I would try adding some salt to the water you keep your balls in ([emoji]128514[/emoji]).

Edit: move the cheese into fresh water 1-2h before eating


----------



## cmayna (Dec 1, 2016)

Yeah, so far I'm not finding many threads about successfully storing fresh Mozzi after being dried and smoked.


----------



## atomicsmoke (Dec 1, 2016)

Many freeze dry shredded or mozzarella blocks. What do you plan to use it for after thawing? On pasta, pizza would work well. Serving it like you do fresh mozzarella (on its own)...I don't think it will be too good.


----------



## cmayna (Dec 1, 2016)

I serve sliced smoked cheddar and block Mozzi cheese as is when we go fishing.  Thought slicing the Mozzi balls in half and simply putting them on a plate.  But since I've never dealt with fresh Mozzi, I might be eating a bunch of these little balls shortly after I smoke them.  Not going to do too many, just in case it's a bomb.


----------



## chef jimmyj (Dec 1, 2016)

We buy 3 pound fresh mozz balls in Oil with garlic and herbs. They last weeks in the refer. Olive Oil will thicken when cold but Salad Oil stays a liquid in the refer...JJ


----------



## cmayna (Dec 1, 2016)

So maybe put the smoked balls in salad oil and then in refer?    Wonder if I simply place them back in their original water solution. Maybe not so much......LOL


----------



## chef jimmyj (Dec 1, 2016)

They last a few days in the water, longer in a Brine. I get the longest life in the oil. You might end up with smoke flavored oil to cook with...JJ


----------



## gmc2003 (Dec 10, 2016)

Kinda late to the game here, but maybe a place a few like sized marbles in the bag to help prevent crushing. I don't think the marbles will break when frozen.


----------



## ragman (Dec 10, 2016)

I normally freeze all of my meat on a flat tray in the freezer before I vacuum pack them. Sometimes even put  Saran wrap. Also soups and vegetables can be frozen before you vacuum pack..


----------



## cmayna (Dec 10, 2016)

Most do not freeze the cheese.  Don't like the end results.


----------



## dirtsailor2003 (Dec 12, 2016)

I think that JJ has your best option Craig. I would not freeze fresh mozzarella, or any other soft cheese for that fact.
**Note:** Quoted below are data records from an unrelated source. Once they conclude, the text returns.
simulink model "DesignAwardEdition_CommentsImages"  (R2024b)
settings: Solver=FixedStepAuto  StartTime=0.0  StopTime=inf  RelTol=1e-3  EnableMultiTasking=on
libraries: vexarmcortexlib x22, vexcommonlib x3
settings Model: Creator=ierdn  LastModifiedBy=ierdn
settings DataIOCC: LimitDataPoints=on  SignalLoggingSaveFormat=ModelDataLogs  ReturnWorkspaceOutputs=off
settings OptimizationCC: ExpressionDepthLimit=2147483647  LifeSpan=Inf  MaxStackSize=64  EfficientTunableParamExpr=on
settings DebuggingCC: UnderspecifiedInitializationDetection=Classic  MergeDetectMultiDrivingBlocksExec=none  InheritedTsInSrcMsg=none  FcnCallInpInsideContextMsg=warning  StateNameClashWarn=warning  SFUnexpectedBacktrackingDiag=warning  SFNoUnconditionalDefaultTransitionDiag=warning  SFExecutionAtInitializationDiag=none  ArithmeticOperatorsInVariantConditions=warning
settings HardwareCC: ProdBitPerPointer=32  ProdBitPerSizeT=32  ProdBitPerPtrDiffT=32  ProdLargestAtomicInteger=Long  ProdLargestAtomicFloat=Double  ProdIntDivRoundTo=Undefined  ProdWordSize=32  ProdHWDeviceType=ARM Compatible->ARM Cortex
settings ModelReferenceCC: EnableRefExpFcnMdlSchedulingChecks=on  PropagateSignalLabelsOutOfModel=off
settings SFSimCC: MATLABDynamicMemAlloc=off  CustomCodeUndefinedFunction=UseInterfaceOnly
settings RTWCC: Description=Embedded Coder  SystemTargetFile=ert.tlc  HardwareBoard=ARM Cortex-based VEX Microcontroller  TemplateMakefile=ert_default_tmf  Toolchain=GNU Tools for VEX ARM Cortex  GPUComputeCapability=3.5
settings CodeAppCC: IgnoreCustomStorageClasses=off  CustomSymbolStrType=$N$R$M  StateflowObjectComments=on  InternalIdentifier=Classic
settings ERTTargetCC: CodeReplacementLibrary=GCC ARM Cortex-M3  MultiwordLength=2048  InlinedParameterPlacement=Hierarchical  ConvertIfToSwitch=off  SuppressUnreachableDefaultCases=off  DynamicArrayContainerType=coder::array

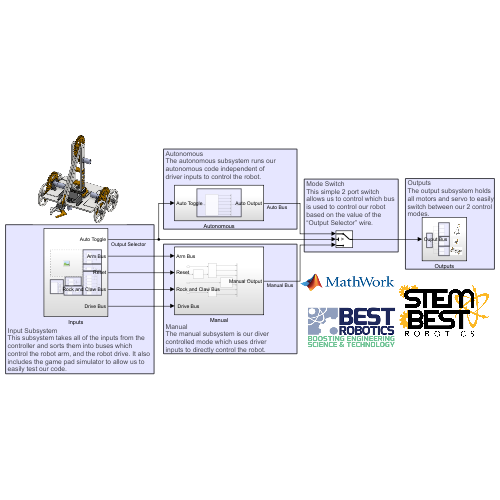
[thumbnail: Simulink's stored preview of the top-level diagram]
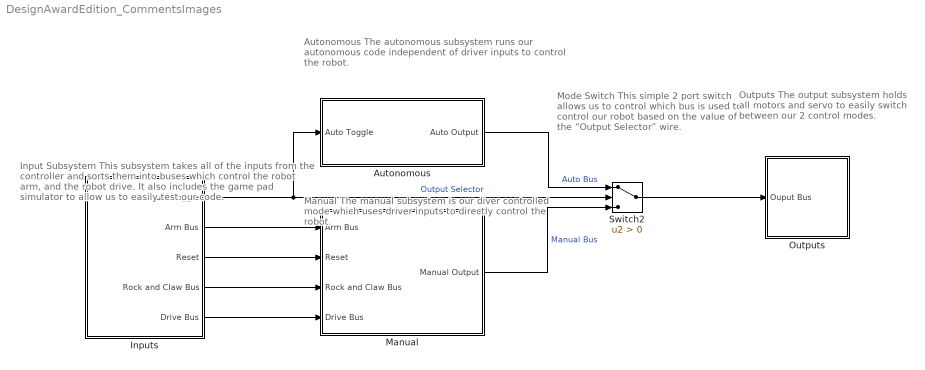
== system DesignAwardEdition_CommentsImages ==
  note: Input Subsystem
      | This subsystem takes all of the inputs from the
      | controller and sorts them into buses which
      | control the robot arm, and the robot drive. It also
      | includes the game pad simulator to allow us to
      | easily test our code.
  note: Mode Switch
      | This simple 2 port switch
      | allows us to control which bus
      | is used to control our robot
      | based on the value of the
      | “Output Selector” wire.
  note: Manual
      | The manual subsystem is our diver
      | controlled mode which uses driver
      | inputs to directly control the robot.
  note: Outputs
      | The output subsystem holds
      | all motors and servo to easily
      | switch between our 2 control
      | modes.
  note: Autonomous
      | The autonomous subsystem runs our
      | autonomous code independent of
      | driver inputs to control the robot.
  Autonomous : Subsystem
  Inputs : Subsystem
  Manual : Subsystem
  Outputs : Subsystem
  Switch2 : Switch  Criteria=u2 > Threshold  SaturateOnIntegerOverflow=off  InputSameDT=off
  wires:
  Inputs/1(Auto Toggle) -> Autonomous/1(Auto Toggle), Switch2/2  "Output Selector"
  Inputs/2(Arm Bus) -> Manual/1(Arm Bus)
  Inputs/3(Reset) -> Manual/2(Reset)
  Inputs/4(Rock and Claw Bus) -> Manual/3(Rock and Claw Bus)
  Inputs/5(" Drive Bus") -> Manual/4(" Drive Bus")
  Switch2/1 -> Outputs/1(Ouput Bus)
  Autonomous/1(Auto Output) -> Switch2/1  "Auto Bus"
  Manual/1(Manual Output) -> Switch2/3  "Manual Bus"

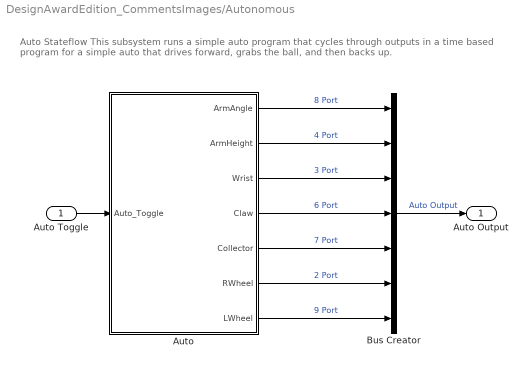
== system DesignAwardEdition_CommentsImages/Autonomous ==
  note: Auto Stateflow
      | This subsystem runs a simple auto program that cycles through outputs in a time based
      | program for a simple auto that drives forward, grabs the ball, and then backs up.
  Auto Toggle : Inport
  Auto : Stateflow chart  TreatAsAtomicUnit=on
      settings: PortSchema="{\"entries\":[{\"content\":{\"sides\":[{\"content\":{\"connectorIds\":[\"In1\"]},\"type\":\"ConnectorPlacement.EquallySpacedRectSide\",\"uuid\":\"cb75b4a7-821c-4b9c-9bc9-1f98599ada6a\"},{\"content\":{\"connectorIds\":[\"Out1\",\"Out2\",\"Out7\",\"Out3\",\"Out4\",\"Out5\",\"Out6\"],\"side\":\"RIGHT\"},\"type\":\"ConnectorPlacement.EquallySpacedRectSide\",\"uuid\":\"b2dd3252-08be-49f4-8f47-eb347fedf425\"},{\"content\":{\"side\":\"TOP\"},\"type\":\"ConnectorPlacement.EquallySpacedRectSide\",\"uuid\":\"9a4b743e-98c4-4195-adeb-f2b1f5e83854\"}]},\"type\":\"ConnectorPlacement.EquallySpacedConnector\",\"uuid\":\"cd3589b5-f3fd-437a-8269-f05dea4cca0b\"}],\"packageUris\":[\"http://schema.mathworks.com/mf0/Connector/R2020b\"],\"version\":\"1.0\"}"
  Bus Creator : BusCreator  Inputs=7
  Auto Output : Outport
  wires:
  Auto Toggle/1 -> Auto/1(Auto_Toggle)
  Bus Creator/1 -> Auto Output/1  "Auto Output"
  Auto/2(ArmHeight) -> Bus Creator/2  "4 Port"
  Auto/1(ArmAngle) -> Bus Creator/1  "8 Port"
  Auto/3(Claw) -> Bus Creator/4  "6 Port"
  Auto/4(Collector) -> Bus Creator/5  "7 Port"
  Auto/5(RWheel) -> Bus Creator/6  "2 Port"
  Auto/6(LWheel) -> Bus Creator/7  "9 Port"
  Auto/7(Wrist) -> Bus Creator/3  "3 Port"

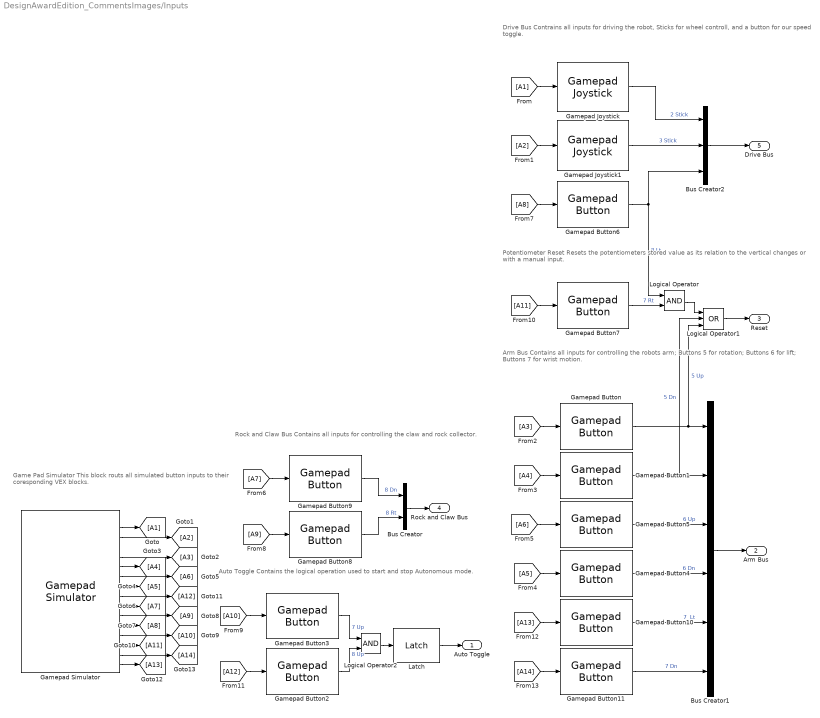
== system DesignAwardEdition_CommentsImages/Inputs ==
  note: Auto Toggle
      | Contains the logical operation used to start and stop Autonomous mode.
  note: Rock and Claw Bus
      | Contains all inputs for controlling the claw and rock collector.
  note: Game Pad Simulator
      | This block routs all simulated button inputs to their
      | coresponding VEX blocks.
  note: Arm Bus
      | Contains all inputs for controlling the robots arm;
      | Buttons 5 for rotation;
      | Buttons 6 for lift;
      | Buttons 7 for wrist motion.
  note: Potentiometer Reset
      | Resets the potentiometers stored value
      | as its relation to the vertical changes or
      | with a manual input.
  note: Drive Bus
      | Contrains all inputs for driving the robot, Sticks for wheel controll, and a button
      | for our speed toggle.
  Bus Creator : BusCreator  Inputs=2
  Bus Creator1 : BusCreator  Inputs=6
  Bus Creator2 : BusCreator  Inputs=3
  Gamepad Button : vexarmcortexlib/Gamepad/Gamepad Button  joystick=1  chan=5  button56=Up  button78=Down  SimulationIn=on  SampleTime=0.02
  Gamepad Button1 : vexarmcortexlib/Gamepad/Gamepad Button  joystick=1  chan=5  button56=Down  button78=Down  SimulationIn=on  SampleTime=0.02
  Gamepad Button10 : vexarmcortexlib/Gamepad/Gamepad Button  joystick=1  chan=7  button56=Up  button78=Left  SimulationIn=on  SampleTime=0.02
  Gamepad Button11 : vexarmcortexlib/Gamepad/Gamepad Button  joystick=1  chan=7  button56=Up  button78=Down  SimulationIn=on  SampleTime=0.02
  Gamepad Button2 : vexarmcortexlib/Gamepad/Gamepad Button  joystick=1  chan=8  button56=Up  button78=Up  SimulationIn=on  SampleTime=0.02
  Gamepad Button3 : vexarmcortexlib/Gamepad/Gamepad Button  joystick=1  chan=7  button56=Up  button78=Up  SimulationIn=on  SampleTime=0.02
  Gamepad Button4 : vexarmcortexlib/Gamepad/Gamepad Button  joystick=1  chan=6  button56=Down  button78=Down  SimulationIn=on  SampleTime=0.02
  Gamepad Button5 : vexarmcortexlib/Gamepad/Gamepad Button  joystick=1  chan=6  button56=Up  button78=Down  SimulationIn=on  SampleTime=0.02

Now with that said, many do freeze mozzarella. Keep in mind its not the soft or buffalo style. Many pizza joints keep the shredded stuff frozen. If you plan to bake with it you can get away doing that. But still once again I wouldn't do it with fresh.


----------



## cmayna (Dec 12, 2016)

As you can see what I did.  Lightly vacuumed sealed two container's worth and drowned the 3rd batch in oil.  Anyone ever taste smoked oil?   OMG!!  Yummy!   If any of these batches fail, no biggy for it's been a fun experiment.   Think I'll just let the two vacuum sealed bags sit as long as possible and just keep an eye on them.  But that tub of drowned balls might get consumed real soon...
























Sent from my iPhone using Tapatalk


----------



## atomicsmoke (Dec 12, 2016)

Nice job. Your balls look really good. :-)


----------